What is most disturbing is that these criminal behaviours are being cloaked in religious terms and there seems to be no credible voice challenging this gross violation of Islamic law and so these criminals continue to go about terrorizing with impunity. The continued silence of our scholars around the world is deafening and perplexing.

The history of Islam attests to the fact that when injustices and evil doings started to infest Muslim societies, it was the scholars, the keepers of wisdom, the guardians and trustees of shariah, that came out in droves to condemn, recapture and reform societies. They became mentors, role models and activists. Many were killed, imprisoned and exiled, but they persevered and brought about the cleansing that was necessary for social justice to prevail. Where are these holistic reformers today?

We know there are brave souls that have spoken up, like the imam who brought justice to Mukhtar Mai -- a Pakistani victim of gang rape -- or the hundreds who marched on the streets of Pakistan against the flogging in Swat. However, these will remain isolated events unless they can get leadership and support from people of knowledge who personify what they teach.

Unfortunately, today most Muslims, and especially women, are ill informed or have very rudimentary knowledge of their faith and can easily fall prey to spiritual parasites. These parasites need to be fumigated and our scholars alone can clean up this mess by challenging these warped understandings and interpretations. They must challenge these spiritual oppressors to public debates and defeat them in the public square to help release the hold these oppressors have on the innocent populace. Our sisters must believe that they are entitled to the same human rights as men. They must rise on the shoulders of our scholars, since there is nothing more empowering than the knowledge that one is in the right and that one's oppressors are ignorant and despised by Allah. "And for women are rights over men similar to those of men over women" (Qur'an 2:228).

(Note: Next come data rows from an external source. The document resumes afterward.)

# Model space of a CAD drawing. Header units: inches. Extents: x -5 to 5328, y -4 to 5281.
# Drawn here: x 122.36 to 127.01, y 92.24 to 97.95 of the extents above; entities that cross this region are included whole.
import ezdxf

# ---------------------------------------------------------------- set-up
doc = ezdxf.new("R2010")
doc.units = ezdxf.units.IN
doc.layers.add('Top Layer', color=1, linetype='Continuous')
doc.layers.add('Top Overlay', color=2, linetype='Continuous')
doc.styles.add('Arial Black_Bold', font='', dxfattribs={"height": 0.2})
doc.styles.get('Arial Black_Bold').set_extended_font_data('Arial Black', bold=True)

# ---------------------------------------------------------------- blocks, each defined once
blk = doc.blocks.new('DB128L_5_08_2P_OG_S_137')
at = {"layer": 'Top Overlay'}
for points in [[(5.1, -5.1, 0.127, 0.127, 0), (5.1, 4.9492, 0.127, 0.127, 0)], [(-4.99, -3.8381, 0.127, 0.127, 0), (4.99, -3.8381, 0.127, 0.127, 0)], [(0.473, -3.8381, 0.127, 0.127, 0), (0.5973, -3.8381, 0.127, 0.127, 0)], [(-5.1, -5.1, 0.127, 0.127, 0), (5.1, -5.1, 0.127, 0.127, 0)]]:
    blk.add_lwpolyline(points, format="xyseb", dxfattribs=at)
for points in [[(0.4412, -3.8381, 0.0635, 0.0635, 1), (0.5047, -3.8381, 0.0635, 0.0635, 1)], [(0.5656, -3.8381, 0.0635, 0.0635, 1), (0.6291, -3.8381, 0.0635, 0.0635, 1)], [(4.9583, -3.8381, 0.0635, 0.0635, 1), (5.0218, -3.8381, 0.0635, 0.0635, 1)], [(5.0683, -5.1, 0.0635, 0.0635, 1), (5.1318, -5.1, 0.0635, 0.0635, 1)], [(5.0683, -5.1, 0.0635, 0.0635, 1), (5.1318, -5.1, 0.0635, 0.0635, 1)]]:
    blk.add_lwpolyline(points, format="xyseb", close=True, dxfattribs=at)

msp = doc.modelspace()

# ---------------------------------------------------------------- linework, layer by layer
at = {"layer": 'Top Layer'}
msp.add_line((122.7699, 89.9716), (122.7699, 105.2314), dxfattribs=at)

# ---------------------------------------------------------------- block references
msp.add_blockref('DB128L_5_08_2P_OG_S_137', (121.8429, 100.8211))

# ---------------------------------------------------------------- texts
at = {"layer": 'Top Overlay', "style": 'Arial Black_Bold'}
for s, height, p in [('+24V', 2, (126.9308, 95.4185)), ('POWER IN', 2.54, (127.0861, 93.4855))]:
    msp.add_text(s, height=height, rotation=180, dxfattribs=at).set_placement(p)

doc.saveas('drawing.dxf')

The decline of Muslim societies is closely connected to the decline of the rights, status and security of women. When our mothers are mistreated and we rationalize it, we give rise to a generation of traumatized children. When our sisters are unsafe at the hands of their brothers and the law looks the other way, we give rise to a warped pathology of gender apartheid. When our women are abused by their husbands and no one speaks up, we foster resentment against the faith.

"And as for the believers, both men and women, they are helping friends of each other, they enjoin the doing of what is good and just and forbid what is evil and unjust..." (Q 9-71). If there was ever a time for such a group of men and women to rise and reform and reclaim Muslim societies in the true spirit of Islamic justice and equity, it is now.

Perhaps some may consider me naïve to think that the sheer power of knowledge and the spoken and written word can turn the tide on this brazen attack on our sisters and keep us from drowning in their blood and their tears. I, however, rely only on the Creator for this inspiration for the first word revealed in the Qur'an was "Iqra" (Read). And this word changed the world, brought a society steeped in the darkness of ignorance into the light of knowledge. This word changed a society that dehumanized women to cherish women as mohshinas (fortress of goodness).

Surely the cries of these sisters should override any concerns we may have of the Islamophobes -- that if we speak up and expose our wounds they will vilify Islam. These hate mongers from within and without are but a distraction. Don't let them get in the way of what we need to do and that is to rid our societies, communities and nations of the cancer of misogyny -- the most hated form of discrimination in Islam.

Shahina Siddiqui of Winnipeg is president of the Islamic Social Services Association of Canada.